In retrospect I can see that they gave the writing life a kind of continuity and rhythm. I’ve never been a prolific writer, by science fiction standards, but writing and selling a couple of short stories a month made me feel like a pro. I might not have known it then, but I’m certain of it now: a beginning writer needs confidence and validation. You can get it from your pals and relatives and teachers telling you how good you are, but trust me: all that is vapor compared to the reality of a check with an editor’s signature. Somebody you don’t know actually parted with his money for a chunk of your imagination.

 

That can become routine, but the first time makes you giddy with possibilities. (Giddy enough to rent a van and flee for the Sunshine State.)

 

The writing itself never does become routine, because you don’t know where it comes from, and you can’t know how long it will last. Forever, you hope, whatever finite number of years that turns out to be.

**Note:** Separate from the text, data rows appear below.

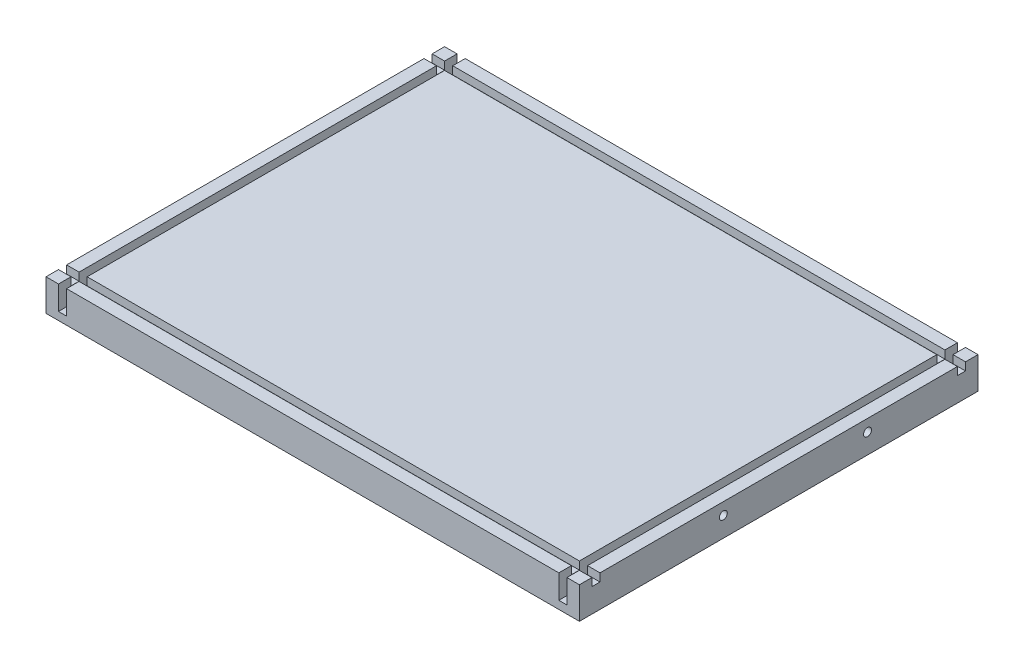
from build123d import *

# Parameters (mm, degrees)
SKETCH1_W           = 427.3
SKETCH1_H           = 319.3
BOSS_EXTRUDE1_DEPTH = 25.4
CUT_EXTRUDE1_DEPTH  = 19.05
SKETCH6_W           = 427.3
SKETCH6_H           = 6.5
CUT_EXTRUDE4_DEPTH  = 6.35
SKETCH4_R           = 3.175
CUT_EXTRUDE2_DEPTH  = 38.1
CUT_EXTRUDE3_START  = -38.1
SKETCH5_R           = 3.175
CUT_EXTRUDE3_DEPTH  = 38.1


with BuildPart() as part:
    # Sketch1 → Boss-Extrude1 (new body)
    with BuildSketch(Plane(origin=(0, 0, 0), x_dir=(1, 0, 0), z_dir=(0, 1, 0))):
        with Locations((213.65, 159.65)):
            Rectangle(SKETCH1_W, SKETCH1_H)
    extrude(amount=BOSS_EXTRUDE1_DEPTH)

    # Sketch2 → Cut-Extrude1 (cut)
    with BuildSketch(Plane(origin=(0, 25.4, 0), x_dir=(1, 0, 0), z_dir=(0, 1, 0))):
        Polygon((410.8, 302.8), (410.8, 16.5), (410.8, 10), (410.8, 0), (417.3, 0), (417.3, 10), (417.3, 16.5), (417.3, 302.8), (417.3, 309.3), (417.3, 319.3), (410.8, 319.3), (410.8, 309.3), align=None)
        Polygon((16.5, 16.5), (16.5, 302.8), (16.5, 309.3), (16.5, 319.3), (10, 319.3), (10, 309.3), (10, 302.8), (10, 16.5), (10, 10), (10, 0), (16.5, 0), (16.5, 10), align=None)
    extrude(amount=-CUT_EXTRUDE1_DEPTH, mode=Mode.SUBTRACT)

    # Sketch6 → Cut-Extrude4 (cut)
    with BuildSketch(Plane(origin=(0, 25.4, 0), x_dir=(1, 0, 0), z_dir=(0, 1, 0))):
        with Locations((213.65, 13.25)):
            Rectangle(SKETCH6_W, SKETCH6_H)
        with Locations((213.65, 306.05)):
            Rectangle(SKETCH6_W, SKETCH6_H)
    extrude(amount=-CUT_EXTRUDE4_DEPTH, mode=Mode.SUBTRACT)

    # Sketch4 → Cut-Extrude2 (cut)
    with BuildSketch(Plane(origin=(427.3, 0, 0), x_dir=(0, 0, -1), z_dir=(1, 0, 0))):
        with Locations((115.275, 15.875)):
            Circle(SKETCH4_R)
        with Locations((230.775, 15.875)):
            Circle(SKETCH4_R)
    extrude(amount=-CUT_EXTRUDE2_DEPTH, mode=Mode.SUBTRACT)

    # Sketch5 → Cut-Extrude3 (cut)
    with BuildSketch(Plane.ZY.offset(CUT_EXTRUDE3_START)):
        with Locations(Location((-230.775, 15.875, 0), (0, 0, 180))):
            Circle(SKETCH5_R)
        with Locations(Location((-115.275, 15.875, 0), (0, 0, 180))):
            Circle(SKETCH5_R)
    extrude(amount=CUT_EXTRUDE3_DEPTH, mode=Mode.SUBTRACT)


solid = part.part

Meanwhile, you hope to keep surprising yourself and pleasing others.

 

I’ve often wished it were still possible to make a living writing just short stories. I came close to doing it for a year or two, around 1970 and 1971, when there were markets galore and short work paid more per word, and per day, than novels were bringing in. I tried to write a thousand words a day (which became 500 words of final copy), and I kept track on a clipboard beside my typewriter. There was a special charm to that kind of writing. I’d always have several stories in some stage of incompletion; while I showered in the morning I’d either come up with a new idea or decide which in-progress story I’d work on. Then get the coffee percolating and sit down with a fresh stack of paper, and have at it.

 

One thing that a novelist misses, that a short story writer has all the time, is the satisfaction of being near completion. And though finishing a novel that you’ve spent a year or more on is a special satisfaction, well, you do only get it once a year or so.

 

I don’t know much about Charles Dickens, but they say that when he was writing short stories and came to the end of one, he inscribed a little flourish of a curlicue, and set down his pen. I do know how that feels, even though now it physically may be pulling a piece of paper out of the machine, or just hitting Command-S and sitting back. A job well done, or at least done as well as you can.

 

Here are some I’m still satisfied with.

 

~ * ~

 

 

 

 

 

 

INTRODUCTION TO “HERO”

 

I remember the day I started “Hero”—probably the most important day in my writing life, since that turned out to be the beginning of
The Forever War.
At the time, though, I was just idly typing.

 

My wife and I had driven down to Florida, to visit fellow writer Keith Laumer and escape the snows of Washington, D.C. The second day we were at his place—a modernist mansion on a wild island in the middle of nowhere—she and Keith drove into town for groceries, and I sat down at the dining room table with my manual typewriter and absolutely no idea of what to write.

 

I had been out of the Army for a year and a half, and had a vague ambition to write a science-fiction war story. So I remembered an absurd day in Basic Training, slogging through midnight snow supposedly training for jungle warfare, when they herded us into a frigid Quonset Hut where a young lieutenant stepped up onto a podium and intoned “Tonight we’re going to show you eight silent ways to kill a man.”

 

None of the methods articulated in the speech was particularly useful, as it turned out. But a couple of years later, I started a career with it.